I think the upper thermostat just needs to be replaced.  I'll pull it off and see the model number of that thermostat and order one then.  Actually, I think I am going to just go to Menard's tomorrow and try to see if this one will work: 

http://www.menards.com/main/plumbin...4452245333-c-8689.htm?tid=-116731187154853498

Does my assessment of the problem sound correct?  That it looks to be an issue with the upper thermostat?


----------



## Snoonyb (Aug 2, 2016)

Interesting, the insulators on my meters retract.

The thermostat may also be available locally, from a supplier or even ACE Hdw.


----------



## jeffmattero76 (Aug 3, 2016)

Have you checked both elements for continuity?


----------



## CallMeVilla (Aug 3, 2016)

Depending on the setup, some electric hot water heaters have a hard fuse manual disconnect between the main breaker and the heater.  You will read 220VAC at the main but nothing at the heater because the fuse has failed in between.  Look for this service disconnect, turn off breakers at main and the disconnect, remove old fuse with plastic pliers, replace new fuse, turn on disconnect first then main breakers.

You can test for 220VAC at the top of the disconnect before removing the fuse.  Turn off the disconnect first then test where leads from the main come in the box.  If you get good current it is the fuse!

http://www.ebay.com/itm/NEW-General...111016?hash=item3f67b8e868:g:g2cAAOSwXeJXfY0W


----------



## beachguy005 (Aug 3, 2016)

You need to check if you actually have 240 volts to the heater.  You'll have two 120v legs but if you're getting 120 volts to only one stat it may be the power and not the stat.
Did you check if you have 240v in?  Either check at the top of the heater where power comes into it or check the load side of the breaker at the panel and make sure both breakers are each supplying 120v.


----------



## nealtw (Aug 3, 2016)

[ame]https://www.youtube.com/watch?v=SlyStHM9Nr0[/ame]


----------



## amodoko (Aug 3, 2016)

Okay, I did replace the upper thermostat today and unfortunately, that did not fix the problem. I'm a bit confused by this. I am able to get 120 volts on the lower thermostat, which would mean I would think that my water heater is getting power and there is no need to mess with testing anything at the breaker. I am not able to get 240 volt readings at the upper thermostat so I would assume that would mean my upper thermostat is bad. I had done ohms readings on both the upper and lower elements and got 17.3 ohms so I would assume the elements are fine. What is going on? 

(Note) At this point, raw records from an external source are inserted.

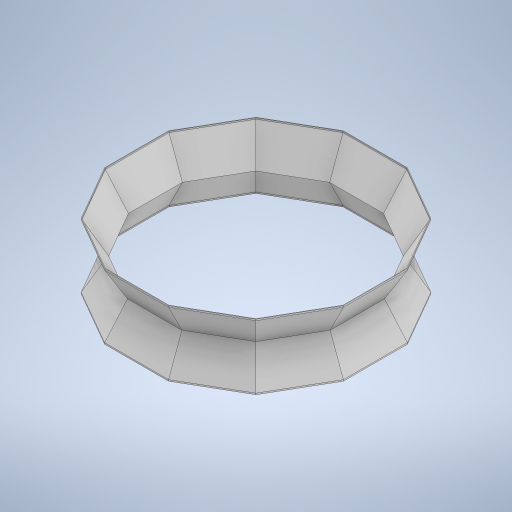
# Autodesk Inventor part: OV-PAM_n_12_standard_1F
Saved by Autodesk Inventor 2024 (Build 280153000, 153)
## iProperties
Created: 2023-08-31
Part Number: OV-PAM_n_12_standard_1F
Material: 일반
Document SubType Name: Modeling
Designer: jsw
Density: 1 g/cm^3
Appearance: 기본값
Author: jsw
Autodesk Inventor part; units mm, degrees
ref_plane "YZ Plane" through (0, 0, 0) normal (1, 0, 0) x (0, 1, 0)
ref_plane "XZ Plane" through (0, 0, 0) normal (0, 1, 0) x (-1, 0, 0)
ref_plane "XY Plane" through (0, 0, 0) normal (0, 0, 1) x (1, 0, 0)
sketch "스케치1" plane through (0, 0, 0) normal (0, 1, 0) x (-1, 0, 0)
  line L0 (-27.3911, 102.2249) -> (27.3911, 102.2249)
  line L1 (27.3911, 102.2249) -> (74.8338, 74.8338)
  line L2 (74.8338, 74.8338) -> (102.2249, 27.3911)
  line L3 (102.2249, 27.3911) -> (102.2249, -27.3911)
  line L4 (102.2249, -27.3911) -> (74.8338, -74.8338)
  line L5 (74.8338, -74.8338) -> (27.3911, -102.2249)
  line L6 (27.3911, -102.2249) -> (-27.3911, -102.2249)
  line L7 (-27.3911, -102.2249) -> (-74.8338, -74.8338)
  line L8 (-74.8338, -74.8338) -> (-102.2249, -27.3911)
  line L9 (-102.2249, -27.3911) -> (-102.2249, 27.3911)
  line L10 (-102.2249, 27.3911) -> (-74.8338, 74.8338)
  line L11 (-74.8338, 74.8338) -> (-27.3911, 102.2249)
  line L12 (27.5518, -102.8249) -> (-27.5518, -102.8249)
  line L13 (-27.5518, -102.8249) -> (-75.273, -75.273)
  line L14 (-75.273, -75.273) -> (-102.8249, -27.5518)
  line L15 (-102.8249, -27.5518) -> (-102.8249, 27.5518)
  line L16 (-102.8249, 27.5518) -> (-75.273, 75.273)
  line L17 (-75.273, 75.273) -> (-27.5518, 102.8249)
  line L18 (-27.5518, 102.8249) -> (27.5518, 102.8249)
  line L19 (27.5518, 102.8249) -> (75.273, 75.273)
  line L20 (75.273, 75.273) -> (102.8249, 27.5518)
  line L21 (102.8249, 27.5518) -> (102.8249, -27.5518)
  line L22 (102.8249, -27.5518) -> (75.273, -75.273)
  line L23 (75.273, -75.273) -> (27.5518, -102.8249)
  point P0 (0, 0)
  point P1 (0, 0)
  point P2 (0, 0)
  dimension "d1" = 211.662
  dimension "d2" = 0.6
  constraints: 48 end point, 2 coincident, 2 horizontal, 50 other
  measures "d1" distance of L8.end L2.end
  measures "d2" distance between parallel lines of L3 L21
extrude "돌출1" add sketch "스케치1" along normal blind 27 contours L0 L1 L2 L3 L4 L5 L6 L7 L8 L9 L10 L11 | L12 L13 L14 L15 L16 L17 L18 L19 L20 L21 L22 L23
ref_plane "작업 평면1" through (75.273, 0, 75.273) normal (-0.75, -0.5, -0.4330127) x (0.5, 0, -0.8660254)
sketch "스케치2" plane through (102.8249, 0, 27.5518) normal (0.8660254, 0, 0.5) x (0.5, 0, -0.8660254)
  line L0 (-55.1037, 0) -> (0, 0) projected
  line L1 (0, 0) -> (0, 27) projected
  line L2 (-55.1037, 27) -> (0, 27) projected
  line L3 (-55.1037, 0) -> (-55.1037, 27) projected
  line L4 (-55.1037, 0) -> (-102.8249, 0) projected
  line L5 (-55.1037, 0) -> (-101.8691, 27)
  line L6 (-55.1037, 27) -> (-102.8249, 27) projected
  line L7 (0, 0) -> (-1, 27)
  line L8 (-55.1037, 27) -> (-101.8691, 27)
  point P0 (-27.5518, 0)
  point P1 (-34.675, 12)
  dimension "d6" = 150
  dimension "d7" = 1
  constraints: 6 end point, 2 point on line, 1 collinear
  measures "d6" angle of L5 L0
  measures "d7" distance of L1.end L7.end
extrude "돌출2" cut sketch "스케치2" along normal up to surface surface through (75.273, 0, 75.273) normal (-0.75, -0.5, -0.4330127)
pattern_circular "원형 패턴1" count 12 over 360 about axis through (0, -10, 0) along (0, 1, 0) of "돌출2"
sketch "스케치3" plane through (0, 0, 0) normal (0, -1, 0) x (1, 0, 0)
  line L0 (-75.273, -75.273) -> (-102.8249, -27.5518) projected
  line L1 (-27.5518, -102.8249) -> (-75.273, -75.273) projected
  line L2 (27.5518, -102.8249) -> (-27.5518, -102.8249) projected
  line L3 (75.273, -75.273) -> (27.5518, -102.8249) projected
  line L4 (102.8249, -27.5518) -> (75.273, -75.273) projected
  line L5 (102.8249, 27.5518) -> (102.8249, -27.5518) projected
  line L6 (75.273, 75.273) -> (102.8249, 27.5518) projected
  line L7 (27.5518, 102.8249) -> (75.273, 75.273) projected
  line L8 (-27.5518, 102.8249) -> (27.5518, 102.8249) projected
  line L9 (-75.273, 75.273) -> (-27.5518, 102.8249) projected
  line L10 (-102.8249, 27.5518) -> (-75.273, 75.273) projected
  line L11 (-102.8249, -27.5518) -> (-102.8249, 27.5518) projected
  point P0 (0, 0)
extrude "돌출3" add sketch "스케치3" along normal blind 1.2
ref_plane "작업 평면2" through (0, 27, 0) normal (0, 1, 0) x (1, 0, 0)
mirror "미러1" about plane through (0, 27, 0) normal (0, 1, 0) of "돌출2", "원형 패턴1", "돌출3", "돌출1"
shell "쉘1" thickness 0.5 removed faces 2 at (-9.1839, 55.2, -34.275) at (-9.1839, -1.2, -34.275)

I opened up the J-box and noticed a lot of rust in there around the wires. I did try to test the wires in there for 240 volts and could not get a reading.  Maybe something is messed up in there? But still, if something is messed up in there, I would think the lower thermostat would not read 120 volts, correct?  Or as beachguy mentioned above, maybe only one wire is working?  Not really sure since I don't understand electrical stuff at all.  But at least we're getting somewhere now since I am not able to get 240 volts at the two wire nuts in the J box on top of the water heater.

So what do you guys think I should test or do next?


----------



## nealtw (Aug 3, 2016)

I think you have go step by step thru all the tests in the video.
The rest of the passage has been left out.